(PROVIDED DATA)

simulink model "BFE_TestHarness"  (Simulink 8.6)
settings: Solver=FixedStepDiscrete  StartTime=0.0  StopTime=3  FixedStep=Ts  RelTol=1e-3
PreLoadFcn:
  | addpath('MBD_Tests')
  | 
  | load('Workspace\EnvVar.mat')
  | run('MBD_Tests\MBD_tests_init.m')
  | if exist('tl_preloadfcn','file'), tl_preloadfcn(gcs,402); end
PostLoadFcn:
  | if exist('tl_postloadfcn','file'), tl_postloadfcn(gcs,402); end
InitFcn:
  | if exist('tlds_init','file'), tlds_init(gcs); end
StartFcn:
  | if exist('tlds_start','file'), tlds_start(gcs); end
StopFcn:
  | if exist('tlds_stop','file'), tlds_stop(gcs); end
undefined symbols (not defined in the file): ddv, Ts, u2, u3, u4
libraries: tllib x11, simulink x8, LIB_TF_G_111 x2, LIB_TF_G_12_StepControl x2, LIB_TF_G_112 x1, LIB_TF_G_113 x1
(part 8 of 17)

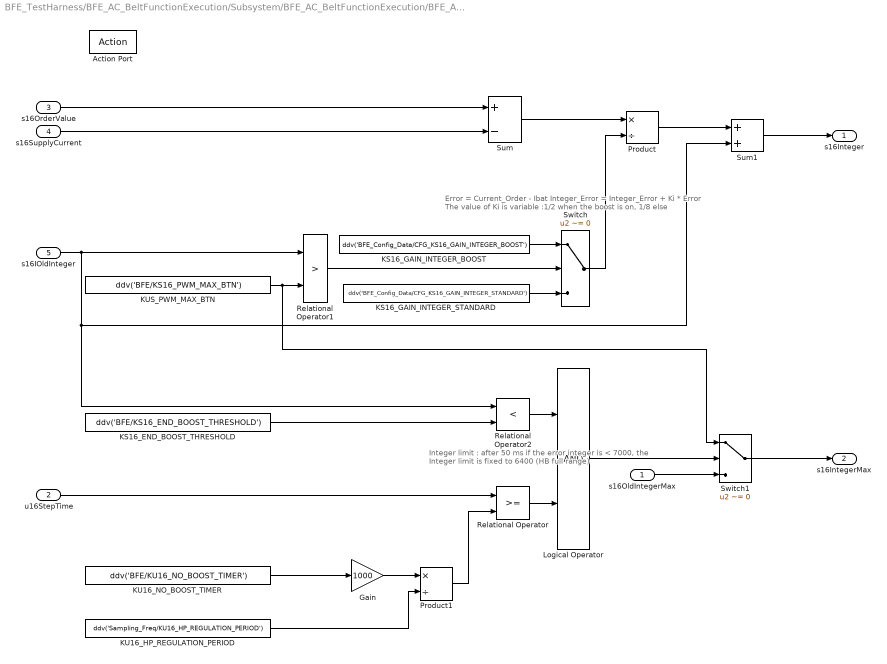
== system BFE_TestHarness/BFE_AC_BeltFunctionExecution/Subsystem/BFE_AC_BeltFunctionExecution/BFE_AC_BeltFunctionExecution/BFE_runExecuteHighPowerStep/HP feature activated/CurrentRegulation/PerformRegulation ==
  note: Error = Current_Order - Ibat
      | Integer_Error = Integer_Error + Ki * Error
      | The value of Ki is variable :1/2 when the boost is on, 1/8 else
  note: Integer limit : after 50 ms if the error integer is < 7000,
      | the Integer limit is fixed to 6400 (HB full range)
  s16OldIntegerMax : Inport  RequirementInfo={} %GIDa_4edf5c18_cfb4_4ed1_aec0_eafae2324e3a
  u16StepTime : Inport  RequirementInfo={} %GIDa_9a24bfd6_4e27_4306_b68d_5ae91b60016c  Port=2
  s16OrderValue : Inport  RequirementInfo={} %GIDa_b1229915_314b_4863_98e3_52cac1c2f91e  Port=3
  s16SupplyCurrent : Inport  RequirementInfo={} %GIDa_425d2a36_5fe9_4dc0_bde3_e336324c322d  Port=4
  s16IOldInteger : Inport  RequirementInfo={} %GIDa_71962a0c_10e9_4e80_9963_0f670b982034  Port=5
  Action Port : ActionPort  RequirementInfo={} %GIDa_15d562f7_52fc_451c_88e4_4cd9eea4c744  ActionType=else
  Gain : Gain  RequirementInfo={} %GIDa_ea57d22b_49e6_4b7f_ac29_28cc2dbba7b3  Gain=1000  OutDataTypeStr=uint16  mask(TL_Gain){data={'output',{'type','UInt16'},'date',735951.66844787041}}
      settings: CopyFcn=if exist('tl_reset_reviewflag','file')==2,tl_reset_reviewflag(gcbh);end  DeleteFcn=if exist('delete_tlblock','file')==2,delete_tlblock(gcbh);end  NameChangeFcn=if exist('rename_tlblock','file')==2,rename_tlblock(gcbh);end  OpenFcn=if exist('tl_open_blockdlg','file')==2,tl_open_blockdlg(gcbh);else,open_system(gcbh,'parameter');end
      mask Help: eval(['if exist(''tl_online_help'',''file'') == 2, tl_online_help(''Topic'',''TL_Gain''),else, web([''jar:file:///'',matlabroot,''/help/toolbox/simulink/help.jar!/slref/' lower(get_param(gcbh,'Blocktype')) '.html''], ''-helpbrowser''),end'])
      mask Display: plot([0, .9, 0],[.05, .5, .95])
  KS16_END_BOOST_THRESHOLD : Constant  RequirementInfo={} %GIDa_f3b0ac08_8bb7_400a_a265_f98ea3ab135f  Value=ddv('BFE/KS16_END_BOOST_THRESHOLD')  OutDataTypeStr=int16  mask(TL_Constant){data={'output',{'variable','BFE/KS16_END_BOOST_THRESHOLD'},'date',735951.66844737274}}
      settings: CopyFcn=if exist('tl_reset_reviewflag','file')==2,tl_reset_reviewflag(gcbh);end  DeleteFcn=if exist('delete_tlblock','file')==2,delete_tlblock(gcbh);end  NameChangeFcn=if exist('rename_tlblock','file')==2,rename_tlblock(gcbh);end  OpenFcn=if exist('tl_open_blockdlg','file')==2,tl_open_blockdlg(gcbh);else,open_system(gcbh,'parameter');end
      mask Help: eval(['if exist(''tl_online_help'',''file'') == 2, tl_online_help(''Topic'',''TL_Constant''),else, web([''jar:file:///'',matlabroot,''/help/toolbox/simulink/help.jar!/slref/' lower(get_param(gcbh,'Blocktype')) '.html''], ''-helpbrowser''),end'])
      mask Display: plot([-0.05, 1.05, NaN, -0.05, 1.05],[.01, .01, NaN, .99, .99])
  KS16_GAIN_INTEGER_BOOST : Constant  RequirementInfo={} %GIDa_006f4594_68bd_400b_90bf_0f2f50455285  Value=ddv('BFE_Config_Data/CFG_KS16_GAIN_INTEGER_BOOST')  OutDataTypeStr=int16  mask(TL_Constant){data={'output',{'variable','BFE_Config_Data/CFG_KS16_GAIN_INTEGER_BOOST'},'date',735951.6684470023}}
      settings: CopyFcn=if exist('tl_reset_reviewflag','file')==2,tl_reset_reviewflag(gcbh);end  DeleteFcn=if exist('delete_tlblock','file')==2,delete_tlblock(gcbh);end  NameChangeFcn=if exist('rename_tlblock','file')==2,rename_tlblock(gcbh);end  OpenFcn=if exist('tl_open_blockdlg','file')==2,tl_open_blockdlg(gcbh);else,open_system(gcbh,'parameter');end
      mask Help: eval(['if exist(''tl_online_help'',''file'') == 2, tl_online_help(''Topic'',''TL_Constant''),else, web([''jar:file:///'',matlabroot,''/help/toolbox/simulink/help.jar!/slref/' lower(get_param(gcbh,'Blocktype')) '.html''], ''-helpbrowser''),end'])
      mask Display: plot([-0.05, 1.05, NaN, -0.05, 1.05],[.01, .01, NaN, .99, .99])
  KS16_GAIN_INTEGER_STANDARD : Constant  RequirementInfo={} %GIDa_e385b7ef_ce71_4760_a7c3_e905cf32e7fa  Value=ddv('BFE_Config_Data/CFG_KS16_GAIN_INTEGER_STANDARD')  OutDataTypeStr=int16  mask(TL_Constant){data={'output',{'variable','BFE_Config_Data/CFG_KS16_GAIN_INTEGER_STANDARD'},'date',735951.66844662034}}
      settings: CopyFcn=if exist('tl_reset_reviewflag','file')==2,tl_reset_reviewflag(gcbh);end  DeleteFcn=if exist('delete_tlblock','file')==2,delete_tlblock(gcbh);end  NameChangeFcn=if exist('rename_tlblock','file')==2,rename_tlblock(gcbh);end  OpenFcn=if exist('tl_open_blockdlg','file')==2,tl_open_blockdlg(gcbh);else,open_system(gcbh,'parameter');end
      mask Help: eval(['if exist(''tl_online_help'',''file'') == 2, tl_online_help(''Topic'',''TL_Constant''),else, web([''jar:file:///'',matlabroot,''/help/toolbox/simulink/help.jar!/slref/' lower(get_param(gcbh,'Blocktype')) '.html''], ''-helpbrowser''),end'])
      mask Display: plot([-0.05, 1.05, NaN, -0.05, 1.05],[.01, .01, NaN, .99, .99])
  KU16_HP_REGULATION_PERIOD : Constant  RequirementInfo={} %GIDa_9a40dac7_f0ac_4b32_adfc_120258120a3a  Value=ddv('Sampling_Freq/KU16_HP_REGULATION_PERIOD')  mask(TL_Constant){data={'output',{'variable','Sampling_Freq/KU16_HP_REGULATION_PERIOD'},'date',735951.66844625003}}
      settings: CopyFcn=if exist('tl_reset_reviewflag','file')==2,tl_reset_reviewflag(gcbh);end  DeleteFcn=if exist('delete_tlblock','file')==2,delete_tlblock(gcbh);end  NameChangeFcn=if exist('rename_tlblock','file')==2,rename_tlblock(gcbh);end  OpenFcn=if exist('tl_open_blockdlg','file')==2,tl_open_blockdlg(gcbh);else,open_system(gcbh,'parameter');end
      mask Help: eval(['if exist(''tl_online_help'',''file'') == 2, tl_online_help(''Topic'',''TL_Constant''),else, web([''jar:file:///'',matlabroot,''/help/toolbox/simulink/help.jar!/slref/' lower(get_param(gcbh,'Blocktype')) '.html''], ''-helpbrowser''),end'])
      mask Display: plot([-0.05, 1.05, NaN, -0.05, 1.05],[.01, .01, NaN, .99, .99])
  KU16_NO_BOOST_TIMER : Constant  RequirementInfo={} %GIDa_e83b1f24_680d_46f7_a5ae_aeb7e7750aab  Value=ddv('BFE/KU16_NO_BOOST_TIMER')  OutDataTypeStr=uint16  mask(TL_Constant){data={'output',{'variable','BFE/KU16_NO_BOOST_TIMER'},'date',735951.66844587959}}
      settings: CopyFcn=if exist('tl_reset_reviewflag','file')==2,tl_reset_reviewflag(gcbh);end  DeleteFcn=if exist('delete_tlblock','file')==2,delete_tlblock(gcbh);end  NameChangeFcn=if exist('rename_tlblock','file')==2,rename_tlblock(gcbh);end  OpenFcn=if exist('tl_open_blockdlg','file')==2,tl_open_blockdlg(gcbh);else,open_system(gcbh,'parameter');end
      mask Help: eval(['if exist(''tl_online_help'',''file'') == 2, tl_online_help(''Topic'',''TL_Constant''),else, web([''jar:file:///'',matlabroot,''/help/toolbox/simulink/help.jar!/slref/' lower(get_param(gcbh,'Blocktype')) '.html''], ''-helpbrowser''),end'])
      mask Display: plot([-0.05, 1.05, NaN, -0.05, 1.05],[.01, .01, NaN, .99, .99])
  KUS_PWM_MAX_BTN : Constant  RequirementInfo={} %GIDa_d06a0857_79a9_48d4_af10_a27c76f3bd27  Value=ddv('BFE/KS16_PWM_MAX_BTN')  OutDataTypeStr=uint16  mask(TL_Constant){data={'output',{'variable','BFE/KS16_PWM_MAX_BTN'},'date',735951.66844550928}}
      settings: CopyFcn=if exist('tl_reset_reviewflag','file')==2,tl_reset_reviewflag(gcbh);end  DeleteFcn=if exist('delete_tlblock','file')==2,delete_tlblock(gcbh);end  NameChangeFcn=if exist('rename_tlblock','file')==2,rename_tlblock(gcbh);end  OpenFcn=if exist('tl_open_blockdlg','file')==2,tl_open_blockdlg(gcbh);else,open_system(gcbh,'parameter');end
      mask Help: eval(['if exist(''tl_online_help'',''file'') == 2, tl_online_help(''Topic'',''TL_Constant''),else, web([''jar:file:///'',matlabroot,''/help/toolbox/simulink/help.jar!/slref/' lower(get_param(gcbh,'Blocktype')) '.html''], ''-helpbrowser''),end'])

(End PROVIDED DATA)

**INSTRUCTIONS TO FOLLOW**
In the material above, find each line containing the word "note" and copy it.

**SOLUTION**
  note: Error = Current_Order - Ibat
  note: Integer limit : after 50 ms if the error integer is < 7000,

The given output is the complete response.